Quem estiver interessado, coloque aqui o interesse que eu depois tento negociar um preço ainda melhor!  :Olá:

----------


## Baltasar Parreira

Hugo, tens aqui um pouco mais baratinho ehhehe:

Dual In-Line TDS Meter for RO/DI Reverse Osmosis Tap | eBay

----------


## Pedro Ferrer

Boa tarde

Podem ver aqui o meu relato desse TDS meter.

Abraço
Pedro Ferrer

----------


## Hugo Figueiredo

> Hugo, tens aqui um pouco mais baratinho ehhehe:
> 
> Dual In-Line TDS Meter for RO/DI Reverse Osmosis Tap | eBay


Sim já comprei muita coisa a virtual Village e até tenho desconto directo, mas é de hong kong!

Obrigado Pedro, é bom saber que funciona bem!  :Smile:

----------


## Baltasar Parreira

Não vejo problema em ser de Hong Kong tirando levar mais tempo a chegar, mas foi o mais barato que encontrei mesmo e fica a:

*UK£ 17.63 = 20.0566915 Euros (conversão Google +/-)*

Se estás com pressa não serve claro.
Se queres eu trato disso pois todos os dias vem cenas de qq lado do mundo eheh  :Coradoeolhos: , só que não te vai  compensar depois os portes daqui para ti de novo a não ser que venhas levantar, não sei.

O do teu link era: 

*UK£ 23.50 = 26.734671 Euros*

Sempre são 6 euritos que da para muito coisa ehhehe....

----------


## Hugo Figueiredo

> Não vejo problema em ser de Hong Kong tirando levar mais tempo a chegar, mas foi o mais barato que encontrei mesmo e fica a:
> 
> *UK£ 17.63 = 20.0566915 Euros (conversão Google +/-)*
> 
> Se estás com pressa não serve claro.
> Se queres eu trato disso pois todos os dias vem cenas de qq lado do mundo eheh , só que não te vai compensar depois os portes daqui para ti de novo a não ser que venhas levantar, não sei.
> 
> O do teu link era: 
> 
> ...


 
Sim eu também recebo montes de coisas da Asia e de fora e se mandasse vir isto também não haveria stress, a questão é que se o goup buy avançar e encomendarmos, vamos supor, 10 bichos destes, aí duvido que não fique na alfândega, por muito "gift", "sample", "no comercial value" ou "value:10$" que os chinocas colocarem na encomenda...

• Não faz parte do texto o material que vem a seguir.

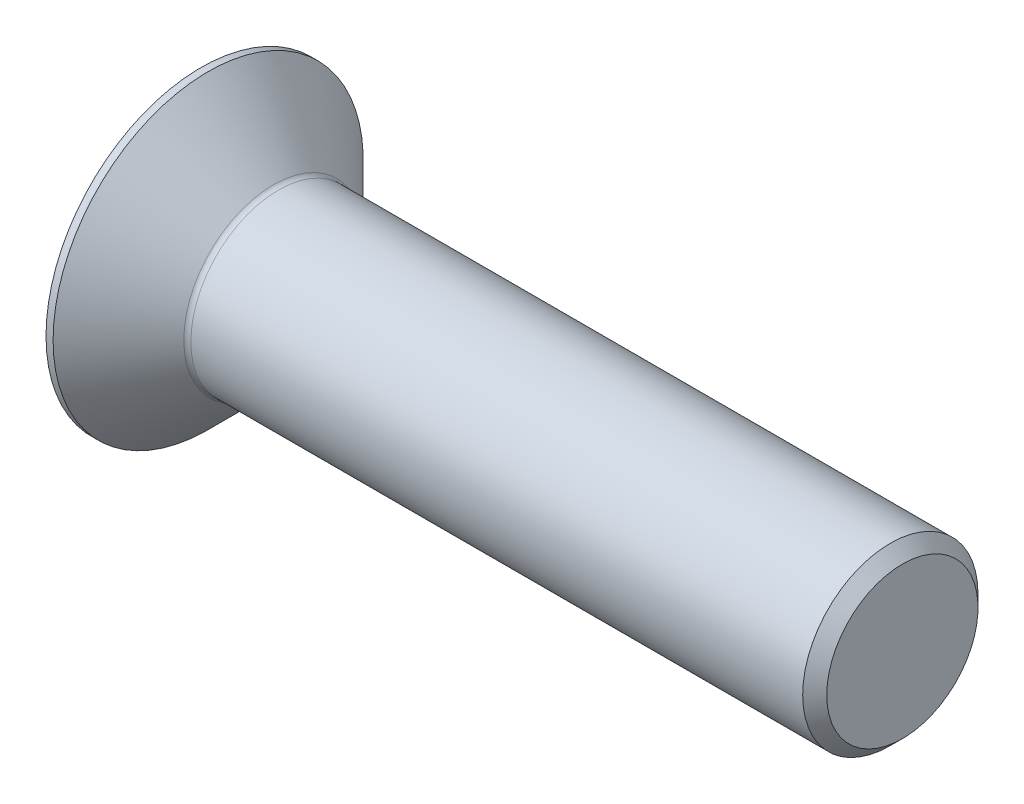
ISO-10303-21;
HEADER;
FILE_DESCRIPTION(('STEP AP214'),'2;1');
FILE_NAME('part.step','',(''),(''),'','','');
FILE_SCHEMA(('AUTOMOTIVE_DESIGN { 1 0 10303 214 1 1 1 1 }'));
ENDSEC;
DATA;
#1=APPLICATION_CONTEXT('core data for automotive mechanical design processes');
#2=APPLICATION_PROTOCOL_DEFINITION('international standard','automotive_design',2000,#1);
#3=PRODUCT_CONTEXT('',#1,'mechanical');
#4=PRODUCT('Part','Part','',(#3));
#5=PRODUCT_RELATED_PRODUCT_CATEGORY('part','',(#4));
#6=PRODUCT_DEFINITION_FORMATION('','',#4);
#7=PRODUCT_DEFINITION_CONTEXT('part definition',#1,'design');
#8=PRODUCT_DEFINITION('design','',#6,#7);
#9=PRODUCT_DEFINITION_SHAPE('','',#8);
#10=(LENGTH_UNIT() NAMED_UNIT(*) SI_UNIT(.MILLI.,.METRE.));
#11=(NAMED_UNIT(*) PLANE_ANGLE_UNIT() SI_UNIT($,.RADIAN.));
#12=(NAMED_UNIT(*) SI_UNIT($,.STERADIAN.) SOLID_ANGLE_UNIT());
#13=UNCERTAINTY_MEASURE_WITH_UNIT(LENGTH_MEASURE(1.E-05),#10,'distance_accuracy_value','');
#14=(GEOMETRIC_REPRESENTATION_CONTEXT(3) GLOBAL_UNCERTAINTY_ASSIGNED_CONTEXT((#13)) GLOBAL_UNIT_ASSIGNED_CONTEXT((#10,
#11,#12)) REPRESENTATION_CONTEXT('',''));
#15=CARTESIAN_POINT('',(0.,0.,0.));
#16=DIRECTION('',(0.,0.,1.));
#17=DIRECTION('',(1.,0.,0.));
#18=AXIS2_PLACEMENT_3D('',#15,#16,#17);
#19=CARTESIAN_POINT('',(0.,0.,0.));
#20=DIRECTION('',(-1.,0.,0.));
#21=DIRECTION('',(0.,0.,1.));
#22=AXIS2_PLACEMENT_3D('',#19,#20,#21);
#23=PLANE('',#22);
#24=CARTESIAN_POINT('',(0.,0.,0.));
#25=DIRECTION('',(-1.,0.,0.));
#26=DIRECTION('',(0.,0.,1.));
#27=AXIS2_PLACEMENT_3D('',#24,#25,#26);
#28=CIRCLE('',#27,17.69);
#29=CARTESIAN_POINT('',(0.,0.,17.69));
#30=VERTEX_POINT('',#29);
#31=EDGE_CURVE('E153',#30,#30,#28,.T.);
#32=ORIENTED_EDGE('',*,*,#31,.T.);
#33=EDGE_LOOP('',(#32));
#34=FACE_BOUND('',#33,.T.);
#35=DIRECTION('',(0.,-0.499999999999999,-0.866025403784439));
#36=VECTOR('',#35,1.);
#37=CARTESIAN_POINT('',(0.,-3.46410161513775,6.));
#38=LINE('',#37,#36);
#39=CARTESIAN_POINT('',(0.,-3.46410161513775,6.));
#40=VERTEX_POINT('',#39);
#41=CARTESIAN_POINT('',(0.,-6.92820323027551,0.));
#42=VERTEX_POINT('',#41);
#43=EDGE_CURVE('E119',#40,#42,#38,.T.);
#44=ORIENTED_EDGE('',*,*,#43,.T.);
#45=DIRECTION('',(0.,0.5,-0.866025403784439));
#46=VECTOR('',#45,1.);
#47=CARTESIAN_POINT('',(0.,-6.9282032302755,0.));
#48=LINE('',#47,#46);
#49=CARTESIAN_POINT('',(0.,-3.46410161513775,-6.));
#50=VERTEX_POINT('',#49);
#51=EDGE_CURVE('E50',#42,#50,#48,.T.);
#52=ORIENTED_EDGE('',*,*,#51,.T.);
#53=DIRECTION('',(0.,1.,0.));
#54=VECTOR('',#53,1.);
#55=CARTESIAN_POINT('',(0.,-3.46410161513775,-6.));
#56=LINE('',#55,#54);
#57=CARTESIAN_POINT('',(0.,3.46410161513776,-6.));
#58=VERTEX_POINT('',#57);
#59=EDGE_CURVE('E130',#50,#58,#56,.T.);
#60=ORIENTED_EDGE('',*,*,#59,.T.);
#61=DIRECTION('',(0.,0.5,0.866025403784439));
#62=VECTOR('',#61,1.);
#63=CARTESIAN_POINT('',(0.,3.46410161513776,-6.));
#64=LINE('',#63,#62);
#65=CARTESIAN_POINT('',(0.,6.92820323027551,0.));
#66=VERTEX_POINT('',#65);
#67=EDGE_CURVE('E254',#58,#66,#64,.T.);
#68=ORIENTED_EDGE('',*,*,#67,.T.);
#69=DIRECTION('',(0.,-0.5,0.866025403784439));
#70=VECTOR('',#69,1.);
#71=CARTESIAN_POINT('',(0.,6.92820323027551,0.));
#72=LINE('',#71,#70);
#73=CARTESIAN_POINT('',(0.,3.46410161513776,6.));
#74=VERTEX_POINT('',#73);
#75=EDGE_CURVE('E257',#66,#74,#72,.T.);
#76=ORIENTED_EDGE('',*,*,#75,.T.);
#77=DIRECTION('',(0.,-1.,0.));
#78=VECTOR('',#77,1.);
#79=CARTESIAN_POINT('',(0.,3.46410161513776,6.));
#80=LINE('',#79,#78);
#81=EDGE_CURVE('E260',#74,#40,#80,.T.);
#82=ORIENTED_EDGE('',*,*,#81,.T.);
#83=EDGE_LOOP('',(#44,#52,#60,#68,#76,#82));
#84=FACE_BOUND('',#83,.T.);
#85=ADVANCED_FACE('F35',(#34,#84),#23,.T.);
#86=CARTESIAN_POINT('',(0.,0.,0.));
#87=DIRECTION('',(-1.,0.,0.));
#88=DIRECTION('',(0.,0.,1.));
#89=AXIS2_PLACEMENT_3D('',#86,#87,#88);
#90=CYLINDRICAL_SURFACE('',#89,17.69);
#91=CARTESIAN_POINT('',(0.810000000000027,0.,0.));
#92=DIRECTION('',(-1.,0.,0.));
#93=DIRECTION('',(0.,0.,1.));
#94=AXIS2_PLACEMENT_3D('',#91,#92,#93);
#95=CIRCLE('',#94,17.69);
#96=CARTESIAN_POINT('',(0.810000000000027,0.,17.69));
#97=VERTEX_POINT('',#96);
#98=EDGE_CURVE('E150',#97,#97,#95,.T.);
#99=ORIENTED_EDGE('',*,*,#98,.T.);
#100=EDGE_LOOP('',(#99));
#101=FACE_BOUND('',#100,.T.);
#102=ORIENTED_EDGE('',*,*,#31,.F.);
#103=EDGE_LOOP('',(#102));
#104=FACE_BOUND('',#103,.T.);
#105=ADVANCED_FACE('F174',(#101,#104),#90,.T.);
#106=CARTESIAN_POINT('',(0.810000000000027,0.,0.));
#107=DIRECTION('',(-1.,0.,0.));
#108=DIRECTION('',(0.,0.,1.));
#109=AXIS2_PLACEMENT_3D('',#106,#107,#108);
#110=CONICAL_SURFACE('',#109,17.69,0.78539816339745);
#111=CARTESIAN_POINT('',(8.26568542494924,0.,0.));
#112=DIRECTION('',(-1.,0.,0.));
#113=DIRECTION('',(0.,0.,1.));
#114=AXIS2_PLACEMENT_3D('',#111,#112,#113);
#115=CIRCLE('',#114,10.2343145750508);
#116=CARTESIAN_POINT('',(8.26568542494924,0.,10.2343145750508));
#117=VERTEX_POINT('',#116);
#118=EDGE_CURVE('E43',#117,#117,#115,.T.);
#119=ORIENTED_EDGE('',*,*,#118,.T.);
#120=EDGE_LOOP('',(#119));
#121=FACE_BOUND('',#120,.T.);
#122=ORIENTED_EDGE('',*,*,#98,.F.);
#123=EDGE_LOOP('',(#122));
#124=FACE_BOUND('',#123,.T.);
#125=ADVANCED_FACE('F158',(#121,#124),#110,.T.);
#126=CARTESIAN_POINT('',(0.,0.,0.));
#127=DIRECTION('',(-1.,0.,0.));
#128=DIRECTION('',(0.,0.,1.));
#129=AXIS2_PLACEMENT_3D('',#126,#127,#128);
#130=CYLINDRICAL_SURFACE('',#129,10.);
#131=CARTESIAN_POINT('',(8.83137084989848,0.,0.));
#132=DIRECTION('',(-1.,0.,0.));
#133=DIRECTION('',(0.,0.,1.));
#134=AXIS2_PLACEMENT_3D('',#131,#132,#133);
#135=CIRCLE('',#134,10.);
#136=CARTESIAN_POINT('',(8.83137084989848,0.,10.));
#137=VERTEX_POINT('',#136);
#138=EDGE_CURVE('E11',#137,#137,#135,.F.);
#139=ORIENTED_EDGE('',*,*,#138,.T.);
#140=EDGE_LOOP('',(#139));
#141=FACE_BOUND('',#140,.T.);
#142=CARTESIAN_POINT('',(78.6259999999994,0.,0.));
#143=DIRECTION('',(-1.,0.,0.));
#144=DIRECTION('',(0.,0.,1.));
#145=AXIS2_PLACEMENT_3D('',#142,#143,#144);
#146=CIRCLE('',#145,10.);
#147=CARTESIAN_POINT('',(78.6259999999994,0.,10.));
#148=VERTEX_POINT('',#147);
#149=EDGE_CURVE('E147',#148,#148,#146,.T.);
#150=ORIENTED_EDGE('',*,*,#149,.T.);
#151=EDGE_LOOP('',(#150));
#152=FACE_BOUND('',#151,.T.);
#153=ADVANCED_FACE('F185',(#141,#152),#130,.T.);
#154=CARTESIAN_POINT('',(80.,0.,0.));
#155=DIRECTION('',(-1.,0.,0.));
#156=DIRECTION('',(0.,0.,1.));
#157=AXIS2_PLACEMENT_3D('',#154,#155,#156);
#158=CONICAL_SURFACE('',#157,8.626,0.785398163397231);
#159=ORIENTED_EDGE('',*,*,#149,.F.);
#160=EDGE_LOOP('',(#159));
#161=FACE_BOUND('',#160,.T.);
#162=CARTESIAN_POINT('',(80.,0.,0.));
#163=DIRECTION('',(-1.,0.,0.));
#164=DIRECTION('',(0.,0.,1.));
#165=AXIS2_PLACEMENT_3D('',#162,#163,#164);
#166=CIRCLE('',#165,8.626);
#167=CARTESIAN_POINT('',(80.,0.,8.626));
#168=VERTEX_POINT('',#167);
#169=EDGE_CURVE('E143',#168,#168,#166,.T.);
#170=ORIENTED_EDGE('',*,*,#169,.T.);
#171=EDGE_LOOP('',(#170));
#172=FACE_BOUND('',#171,.T.);
#173=ADVANCED_FACE('F169',(#161,#172),#158,.T.);
#174=CARTESIAN_POINT('',(80.,8.626,0.));
#175=DIRECTION('',(1.,0.,0.));
#176=DIRECTION('',(0.,0.,-1.));
#177=AXIS2_PLACEMENT_3D('',#174,#175,#176);
#178=PLANE('',#177);
#179=ORIENTED_EDGE('',*,*,#169,.F.);
#180=EDGE_LOOP('',(#179));
#181=FACE_BOUND('',#180,.T.);
#182=ADVANCED_FACE('F162',(#181),#178,.T.);
#183=CARTESIAN_POINT('',(8.83137084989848,0.,0.));
#184=DIRECTION('',(-1.,0.,0.));
#185=DIRECTION('',(0.,0.,1.));
#186=AXIS2_PLACEMENT_3D('',#183,#184,#185);
#187=TOROIDAL_SURFACE('',#186,10.8,0.8);
#188=ORIENTED_EDGE('',*,*,#138,.F.);
#189=EDGE_LOOP('',(#188));
#190=FACE_BOUND('',#189,.T.);
#191=ORIENTED_EDGE('',*,*,#118,.F.);
#192=EDGE_LOOP('',(#191));
#193=FACE_BOUND('',#192,.T.);
#194=ADVANCED_FACE('F37',(#190,#193),#187,.F.);
#195=CARTESIAN_POINT('',(5.6,-6.9282032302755,0.));
#196=DIRECTION('',(0.,0.866025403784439,0.5));
#197=DIRECTION('',(0.,-0.5,0.866025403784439));
#198=AXIS2_PLACEMENT_3D('',#195,#196,#197);
#199=PLANE('',#198);
#200=ORIENTED_EDGE('',*,*,#51,.F.);
#201=DIRECTION('',(-1.,0.,0.));
#202=VECTOR('',#201,1.);
#203=CARTESIAN_POINT('',(5.6,-6.9282032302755,0.));
#204=LINE('',#203,#202);
#205=CARTESIAN_POINT('',(5.6,-6.9282032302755,0.));
#206=VERTEX_POINT('',#205);
#207=EDGE_CURVE('E251',#206,#42,#204,.T.);
#208=ORIENTED_EDGE('',*,*,#207,.F.);
#209=DIRECTION('',(0.,0.5,-0.866025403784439));
#210=VECTOR('',#209,1.);
#211=CARTESIAN_POINT('',(5.6,-6.9282032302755,0.));
#212=LINE('',#211,#210);
#213=CARTESIAN_POINT('',(5.6,-5.19615242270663,-3.));
#214=VERTEX_POINT('',#213);
#215=EDGE_CURVE('E115',#206,#214,#212,.T.);
#216=ORIENTED_EDGE('',*,*,#215,.T.);
#217=CARTESIAN_POINT('',(5.6,-3.46410161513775,-6.));
#218=VERTEX_POINT('',#217);
#219=EDGE_CURVE('E111',#214,#218,#212,.T.);
#220=ORIENTED_EDGE('',*,*,#219,.T.);
#221=DIRECTION('',(-1.,0.,0.));
#222=VECTOR('',#221,1.);
#223=CARTESIAN_POINT('',(5.6,-3.46410161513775,-6.));
#224=LINE('',#223,#222);
#225=EDGE_CURVE('E113',#218,#50,#224,.T.);
#226=ORIENTED_EDGE('',*,*,#225,.T.);
#227=EDGE_LOOP('',(#200,#208,#216,#220,#226));
#228=FACE_BOUND('',#227,.T.);
#229=ADVANCED_FACE('F112',(#228),#199,.T.);
#230=CARTESIAN_POINT('',(5.6,-3.46410161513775,-6.));
#231=DIRECTION('',(0.,0.,1.));
#232=DIRECTION('',(0.,-1.,0.));
#233=AXIS2_PLACEMENT_3D('',#230,#231,#232);
#234=PLANE('',#233);
#235=ORIENTED_EDGE('',*,*,#59,.F.);
#236=ORIENTED_EDGE('',*,*,#225,.F.);
#237=DIRECTION('',(0.,1.,0.));
#238=VECTOR('',#237,1.);
#239=CARTESIAN_POINT('',(5.6,-3.46410161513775,-6.));
#240=LINE('',#239,#238);
#241=CARTESIAN_POINT('',(5.6,0.,-6.));
#242=VERTEX_POINT('',#241);
#243=EDGE_CURVE('E58',#218,#242,#240,.T.);
#244=ORIENTED_EDGE('',*,*,#243,.T.);
#245=CARTESIAN_POINT('',(5.6,3.46410161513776,-6.));
#246=VERTEX_POINT('',#245);
#247=EDGE_CURVE('E125',#242,#246,#240,.T.);
#248=ORIENTED_EDGE('',*,*,#247,.T.);
#249=DIRECTION('',(-1.,0.,0.));
#250=VECTOR('',#249,1.);
#251=CARTESIAN_POINT('',(5.6,3.46410161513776,-6.));
#252=LINE('',#251,#250);
#253=EDGE_CURVE('E132',#246,#58,#252,.T.);
#254=ORIENTED_EDGE('',*,*,#253,.T.);
#255=EDGE_LOOP('',(#235,#236,#244,#248,#254));
#256=FACE_BOUND('',#255,.T.);
#257=ADVANCED_FACE('F127',(#256),#234,.T.);
#258=CARTESIAN_POINT('',(5.6,3.46410161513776,-6.));
#259=DIRECTION('',(0.,-0.866025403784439,0.5));
#260=DIRECTION('',(0.,-0.5,-0.866025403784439));
#261=AXIS2_PLACEMENT_3D('',#258,#259,#260);
#262=PLANE('',#261);
#263=ORIENTED_EDGE('',*,*,#67,.F.);
#264=ORIENTED_EDGE('',*,*,#253,.F.);
#265=DIRECTION('',(0.,0.5,0.866025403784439));
#266=VECTOR('',#265,1.);
#267=CARTESIAN_POINT('',(5.6,3.46410161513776,-6.));
#268=LINE('',#267,#266);
#269=CARTESIAN_POINT('',(5.6,5.19615242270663,-3.));
#270=VERTEX_POINT('',#269);
#271=EDGE_CURVE('E232',#246,#270,#268,.T.);
#272=ORIENTED_EDGE('',*,*,#271,.T.);
#273=CARTESIAN_POINT('',(5.6,6.92820323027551,0.));
#274=VERTEX_POINT('',#273);
#275=EDGE_CURVE('E124',#270,#274,#268,.T.);
#276=ORIENTED_EDGE('',*,*,#275,.T.);
#277=DIRECTION('',(-1.,0.,0.));
#278=VECTOR('',#277,1.);
#279=CARTESIAN_POINT('',(5.6,6.92820323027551,0.));
#280=LINE('',#279,#278);
#281=EDGE_CURVE('E138',#274,#66,#280,.T.);
#282=ORIENTED_EDGE('',*,*,#281,.T.);
#283=EDGE_LOOP('',(#263,#264,#272,#276,#282));
#284=FACE_BOUND('',#283,.T.);
#285=ADVANCED_FACE('F199',(#284),#262,.T.);
#286=CARTESIAN_POINT('',(5.6,6.92820323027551,0.));
#287=DIRECTION('',(0.,-0.866025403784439,-0.5));
#288=DIRECTION('',(0.,0.5,-0.866025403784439));
#289=AXIS2_PLACEMENT_3D('',#286,#287,#288);
#290=PLANE('',#289);
#291=ORIENTED_EDGE('',*,*,#75,.F.);
#292=ORIENTED_EDGE('',*,*,#281,.F.);
#293=DIRECTION('',(0.,-0.5,0.866025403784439));
#294=VECTOR('',#293,1.);
#295=CARTESIAN_POINT('',(5.6,6.92820323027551,0.));
#296=LINE('',#295,#294);
#297=CARTESIAN_POINT('',(5.6,5.19615242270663,3.));
#298=VERTEX_POINT('',#297);
#299=EDGE_CURVE('E239',#274,#298,#296,.T.);
#300=ORIENTED_EDGE('',*,*,#299,.T.);
#301=CARTESIAN_POINT('',(5.6,3.46410161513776,6.));
#302=VERTEX_POINT('',#301);
#303=EDGE_CURVE('E237',#298,#302,#296,.T.);
#304=ORIENTED_EDGE('',*,*,#303,.T.);
#305=DIRECTION('',(-1.,0.,0.));
#306=VECTOR('',#305,1.);
#307=CARTESIAN_POINT('',(5.6,3.46410161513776,6.));
#308=LINE('',#307,#306);
#309=EDGE_CURVE('E269',#302,#74,#308,.T.);
#310=ORIENTED_EDGE('',*,*,#309,.T.);
#311=EDGE_LOOP('',(#291,#292,#300,#304,#310));
#312=FACE_BOUND('',#311,.T.);
#313=ADVANCED_FACE('F202',(#312),#290,.T.);
#314=CARTESIAN_POINT('',(5.6,3.46410161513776,6.));
#315=DIRECTION('',(0.,0.,-1.));
#316=DIRECTION('',(-1.,0.,0.));
#317=AXIS2_PLACEMENT_3D('',#314,#315,#316);
#318=PLANE('',#317);
#319=ORIENTED_EDGE('',*,*,#81,.F.);
#320=ORIENTED_EDGE('',*,*,#309,.F.);
#321=DIRECTION('',(0.,-1.,0.));
#322=VECTOR('',#321,1.);
#323=CARTESIAN_POINT('',(5.6,3.46410161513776,6.));
#324=LINE('',#323,#322);
#325=CARTESIAN_POINT('',(5.6,0.,6.));
#326=VERTEX_POINT('',#325);
#327=EDGE_CURVE('E244',#302,#326,#324,.T.);
#328=ORIENTED_EDGE('',*,*,#327,.T.);
#329=CARTESIAN_POINT('',(5.6,-3.46410161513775,6.));
#330=VERTEX_POINT('',#329);
#331=EDGE_CURVE('E243',#326,#330,#324,.T.);
#332=ORIENTED_EDGE('',*,*,#331,.T.);
#333=DIRECTION('',(-1.,0.,0.));
#334=VECTOR('',#333,1.);
#335=CARTESIAN_POINT('',(5.6,-3.46410161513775,6.));
#336=LINE('',#335,#334);
#337=EDGE_CURVE('E266',#330,#40,#336,.T.);
#338=ORIENTED_EDGE('',*,*,#337,.T.);
#339=EDGE_LOOP('',(#319,#320,#328,#332,#338));
#340=FACE_BOUND('',#339,.T.);
#341=ADVANCED_FACE('F206',(#340),#318,.T.);
#342=CARTESIAN_POINT('',(5.6,-3.46410161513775,6.));
#343=DIRECTION('',(0.,0.866025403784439,-0.5));
#344=DIRECTION('',(0.,0.5,0.866025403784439));
#345=AXIS2_PLACEMENT_3D('',#342,#343,#344);
#346=PLANE('',#345);
#347=ORIENTED_EDGE('',*,*,#43,.F.);
#348=ORIENTED_EDGE('',*,*,#337,.F.);
#349=DIRECTION('',(0.,-0.499999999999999,-0.866025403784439));
#350=VECTOR('',#349,1.);
#351=CARTESIAN_POINT('',(5.6,-3.46410161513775,6.));
#352=LINE('',#351,#350);
#353=CARTESIAN_POINT('',(5.6,-5.19615242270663,3.));
#354=VERTEX_POINT('',#353);
#355=EDGE_CURVE('E248',#330,#354,#352,.T.);
#356=ORIENTED_EDGE('',*,*,#355,.T.);
#357=EDGE_CURVE('E247',#354,#206,#352,.T.);
#358=ORIENTED_EDGE('',*,*,#357,.T.);
#359=ORIENTED_EDGE('',*,*,#207,.T.);
#360=EDGE_LOOP('',(#347,#348,#356,#358,#359));
#361=FACE_BOUND('',#360,.T.);
#362=ADVANCED_FACE('F210',(#361),#346,.T.);
#363=CARTESIAN_POINT('',(5.6,-3.46410161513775,-6.));
#364=DIRECTION('',(1.,0.,0.));
#365=DIRECTION('',(0.,0.,-1.));
#366=AXIS2_PLACEMENT_3D('',#363,#364,#365);
#367=PLANE('',#366);
#368=ORIENTED_EDGE('',*,*,#243,.F.);
#369=ORIENTED_EDGE('',*,*,#219,.F.);
#370=CARTESIAN_POINT('',(5.6,0.,0.));
#371=DIRECTION('',(-1.,0.,0.));
#372=DIRECTION('',(0.,0.,1.));
#373=AXIS2_PLACEMENT_3D('',#370,#371,#372);
#374=CIRCLE('',#373,6.);
#375=EDGE_CURVE('E122',#242,#214,#374,.T.);
#376=ORIENTED_EDGE('',*,*,#375,.F.);
#377=EDGE_LOOP('',(#368,#369,#376));
#378=FACE_BOUND('',#377,.T.);
#379=ADVANCED_FACE('F121',(#378),#367,.F.);
#380=ORIENTED_EDGE('',*,*,#215,.F.);
#381=ORIENTED_EDGE('',*,*,#357,.F.);
#382=EDGE_CURVE('E135',#214,#354,#374,.T.);
#383=ORIENTED_EDGE('',*,*,#382,.F.);
#384=EDGE_LOOP('',(#380,#381,#383));
#385=FACE_BOUND('',#384,.T.);
#386=ADVANCED_FACE('F216',(#385),#367,.F.);
#387=ORIENTED_EDGE('',*,*,#355,.F.);
#388=ORIENTED_EDGE('',*,*,#331,.F.);
#389=EDGE_CURVE('E131',#354,#326,#374,.T.);
#390=ORIENTED_EDGE('',*,*,#389,.F.);
#391=EDGE_LOOP('',(#387,#388,#390));
#392=FACE_BOUND('',#391,.T.);
#393=ADVANCED_FACE('F220',(#392),#367,.F.);
#394=ORIENTED_EDGE('',*,*,#327,.F.);
#395=ORIENTED_EDGE('',*,*,#303,.F.);
#396=EDGE_CURVE('E137',#326,#298,#374,.T.);
#397=ORIENTED_EDGE('',*,*,#396,.F.);
#398=EDGE_LOOP('',(#394,#395,#397));
#399=FACE_BOUND('',#398,.T.);
#400=ADVANCED_FACE('F228',(#399),#367,.F.);
#401=ORIENTED_EDGE('',*,*,#299,.F.);
#402=ORIENTED_EDGE('',*,*,#275,.F.);
#403=EDGE_CURVE('E144',#298,#270,#374,.T.);
#404=ORIENTED_EDGE('',*,*,#403,.F.);
#405=EDGE_LOOP('',(#401,#402,#404));
#406=FACE_BOUND('',#405,.T.);
#407=ADVANCED_FACE('F223',(#406),#367,.F.);
#408=ORIENTED_EDGE('',*,*,#271,.F.);
#409=ORIENTED_EDGE('',*,*,#247,.F.);
#410=EDGE_CURVE('E233',#270,#242,#374,.T.);
#411=ORIENTED_EDGE('',*,*,#410,.F.);
#412=EDGE_LOOP('',(#408,#409,#411));
#413=FACE_BOUND('',#412,.T.);
#414=ADVANCED_FACE('F194',(#413),#367,.F.);
#415=CARTESIAN_POINT('',(5.6,0.,0.));
#416=DIRECTION('',(-1.,0.,0.));
#417=DIRECTION('',(0.,0.,1.));
#418=AXIS2_PLACEMENT_3D('',#415,#416,#417);
#419=CONICAL_SURFACE('',#418,6.,1.04719755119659);
#420=CARTESIAN_POINT('',(9.06410161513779,0.,0.));
#421=VERTEX_POINT('',#420);
#422=VERTEX_LOOP('',#421);
#423=FACE_BOUND('',#422,.T.);
#424=ORIENTED_EDGE('',*,*,#396,.T.);
#425=ORIENTED_EDGE('',*,*,#403,.T.);
#426=ORIENTED_EDGE('',*,*,#410,.T.);
#427=ORIENTED_EDGE('',*,*,#375,.T.);
#428=ORIENTED_EDGE('',*,*,#382,.T.);
#429=ORIENTED_EDGE('',*,*,#389,.T.);
#430=EDGE_LOOP('',(#424,#425,#426,#427,#428,#429));
#431=FACE_BOUND('',#430,.T.);
#432=ADVANCED_FACE('F192',(#423,#431),#419,.F.);
#433=CLOSED_SHELL('',(#85,#105,#125,#153,#173,#182,#194,#229,#257,#285,#313,#341,#362,#379,#386,
#393,#400,#407,#414,#432));
#434=MANIFOLD_SOLID_BREP('B2',#433);
#435=ADVANCED_BREP_SHAPE_REPRESENTATION('',(#18,#434),#14);
#436=SHAPE_DEFINITION_REPRESENTATION(#9,#435);
ENDSEC;
END-ISO-10303-21;

Se não houver malta interessada vou para esse, claro!

Obrigado Baltazar!  :SbOk:

----------


## Baltasar Parreira

Ok, mas caso os portes sejam free o que costumo fazer e pedir é para enviarem em pacotes separados, para eles é o mesmo e nunca falha na alfandega.

A maioria dos vendedores chinocas do Ebay até fazem sempre isso por sistema.


Não tinha percebido que a tua ideia era criar grande quantidade, mas eles fazem-te desconto depois já questionas-te?

Bem podes contar com um para mim se for dentro destes valores aqui falados se for mais barato melhor ehehhe... pois já tinha pensado em tempos comprar uma coisa destas embora tenho um medidor de TDS, mas da jeito um sempre online nos filtros de OSMOSE, vamos ver como corre então se não também ataco no mais barato do meu link.

----------


## Hugo Figueiredo

> Ok, mas caso os portes sejam free o que costumo fazer e pedir é para enviarem em pacotes separados, para eles é o mesmo e nunca falha na alfandega.
> 
> A maioria dos vendedores chinocas do Ebay até fazem sempre isso por sistema.
> 
> 
> Não tinha percebido que a tua ideia era criar grande quantidade, mas eles fazem-te desconto depois já questionas-te?
> 
> Bem podes contar com um para mim se for dentro destes valores aqui falados se for mais barato melhor ehehhe... pois já tinha pensado em tempos comprar uma coisa destas embora tenho um medidor de TDS, mas da jeito um sempre online nos filtros de OSMOSE, vamos ver como corre então se não também ataco no mais barato do meu link.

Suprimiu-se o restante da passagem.